About 11 o’clock at night, May 13, 1929, Doc Franklin Webster, Tom Webster, brothers, and Bowen Daniels, Doc’s brother-in-law, were killed about three miles south of Bells, in Grayson county, by coming in contact with the power line of the Texas-Louisiana Power Company, at a place where it was broken down by a stroke of lightning about 6 o’clock a. m. the same day. Mrs. N. E. Daniels, mother of Bowen, sued and recovered judgment against the power company, for $7,500 damages, on the theory that the company’s negligence caused the death of her son.
The issues framed by pleadings, the facts developed at the trial, the rulings of the trial court on charges and evidence, and the assignments and propositions urged for reversal, are substantially the same ás were presented in the case of Texas-Louisiana Power Co. v. R. B. Webster et al., 59 S.W.(2d) 902, appealed to this court by the power company, from an adverse judgment rendered in favor of the father, mother, widow, and a posthumous daughter of Doc Webster, for damages resulting from his death. We refer to the record of that case for a full statement of the issues, facts, except as noted later, the discussion and holdings of the questions raised, and the authorities cited.
As was held in that case, so we hold, that deceased was not a trespasser, as to appellant, and that the doctrine applicable to that relationship has no application here. We overrule assignments in which appellant contends that the death of Bowen Daniels was the proximate result of an act of God, or that it was due to an unavoidable accident. We also overrule assignments complaining of the exclusion of evidence offered to show that deceased and his companions entered the premises for an illegal purpose. The law controlling appellant’s conduct is designed to protect saint and sinner alike, and the evi*181dence offered could Lave liad no other effect than to unduly prejudice the jury against plaintiff. We also overrule the contention of appellant urged to propositions Nos. 32 and 34, to the effect, that the court erred in refusing to define certain clauses employed in its charge; ' also the contention urged in proposition No. 33, 'that the court erred in failing to instruct the jury that there might be more than one proximate cause. These questions were discussed in the Webster Case and our reasons given for the ruling stated.
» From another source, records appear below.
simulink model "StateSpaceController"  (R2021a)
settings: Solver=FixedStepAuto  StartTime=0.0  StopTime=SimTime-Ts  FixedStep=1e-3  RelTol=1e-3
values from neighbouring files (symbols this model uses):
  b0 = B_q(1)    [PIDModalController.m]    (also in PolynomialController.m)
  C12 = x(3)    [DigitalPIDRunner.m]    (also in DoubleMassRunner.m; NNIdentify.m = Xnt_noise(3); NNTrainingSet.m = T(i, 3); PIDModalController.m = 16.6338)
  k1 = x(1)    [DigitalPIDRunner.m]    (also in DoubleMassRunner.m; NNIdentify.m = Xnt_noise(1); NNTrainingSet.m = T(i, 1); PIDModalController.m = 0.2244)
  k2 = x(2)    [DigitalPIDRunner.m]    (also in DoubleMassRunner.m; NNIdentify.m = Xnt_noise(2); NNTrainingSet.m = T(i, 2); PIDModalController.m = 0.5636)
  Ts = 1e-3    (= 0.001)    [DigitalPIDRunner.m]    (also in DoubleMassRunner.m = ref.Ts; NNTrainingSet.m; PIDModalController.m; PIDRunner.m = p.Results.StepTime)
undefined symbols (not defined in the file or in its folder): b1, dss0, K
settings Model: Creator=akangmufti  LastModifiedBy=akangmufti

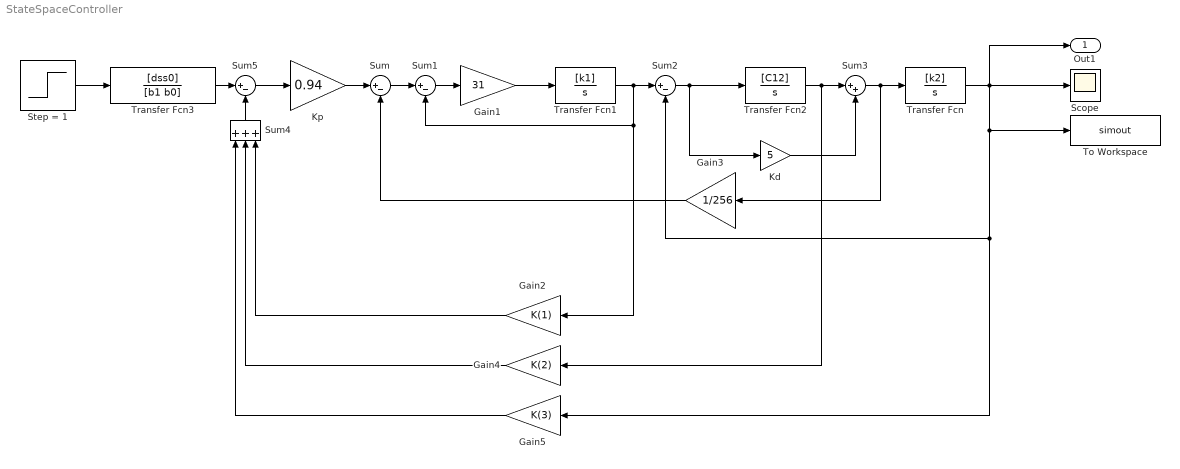
== system StateSpaceController ==
  Gain1 : Gain  Gain=31
  Gain2 : Gain  Gain=K(1)
  Gain3 : Gain  Gain=1/256
  Gain4 : Gain  Gain=K(2)
  Gain5 : Gain  Gain=K(3)
  Kd : Gain  Gain=5
  Kp : Gain  Gain=0.94
  Scope : Scope
  Step = 1 : Step  Time=0.0001  SampleTime=0
  Sum{,1..2,5} (4 alike) : Sum  Inputs=|+-
  Sum3 : Sum  Inputs=|++
  Sum4 : Sum  Inputs=+++
  To Workspace : ToWorkspace  VariableName=simout  SampleTime=Ts
      settings: Save2DSignal=2-D array (concatenate along first dimension)
  Transfer Fcn : TransferFcn  Numerator=[k2]  Denominator=[1 0]  ContinuousStateAttributes='x3'
  Transfer Fcn1 : TransferFcn  Numerator=[k1]  Denominator=[1 0]  ContinuousStateAttributes='x1'
  Transfer Fcn2 : TransferFcn  Numerator=[C12]  Denominator=[1 0]  ContinuousStateAttributes='x2'
  Transfer Fcn3 : TransferFcn  Numerator=[dss0]  Denominator=[b1 b0]  ContinuousStateAttributes='x1'
  Out1 : Outport
  wires:
  Transfer Fcn/1 -> Scope/1, Out1/1, Gain5/1, Sum2/2, To Workspace/1
  Kd/1 -> Sum3/2
  Transfer Fcn2/1 -> Gain4/1, Sum3/1
  Sum3/1 -> Gain3/1, Transfer Fcn/1
  Sum/1 -> Sum1/1
  Gain3/1 -> Sum/2
  Sum1/1 -> Gain1/1
  Sum2/1 -> Kd/1, Transfer Fcn2/1
  Gain1/1 -> Transfer Fcn1/1
  Transfer Fcn1/1 -> Gain2/1, Sum1/2, Sum2/1
  Kp/1 -> Sum/1
  Gain2/1 -> Sum4/3
  Gain4/1 -> Sum4/2
  Gain5/1 -> Sum4/1
  Sum4/1 -> Sum5/2
  Sum5/1 -> Kp/1
  Transfer Fcn3/1 -> Sum5/1
  Step = 1/1 -> Transfer Fcn3/1

Appellant alleged specific acts of deceased, as constituting contributory negligence, as follows: In entering upon the premises at night, being unfamiliar with their arrangement, condition, and the location of things that might cause injury; in failing to carry a light or lantern to illumine the path over which he was walking; in entering for the purpose of committing unlawful acts, viz. burglary and theft; in entering without the knowledge, consent, permission, or sanction of the owner of the premises, or the occupant thereof, and without invitation or allurement ; in entering without requesting a guide to accompany him; and that, in leaving the premises, deceased chose a different route to that over which he had entered, neither of which was familiar to him.
The court submitted the issue of contributory negligence, in general terms, which was found for plaintiff, to which appellant objected because of its generality, and in addition requested the submission of issues presenting the different phases, as pleaded, all of which were refused.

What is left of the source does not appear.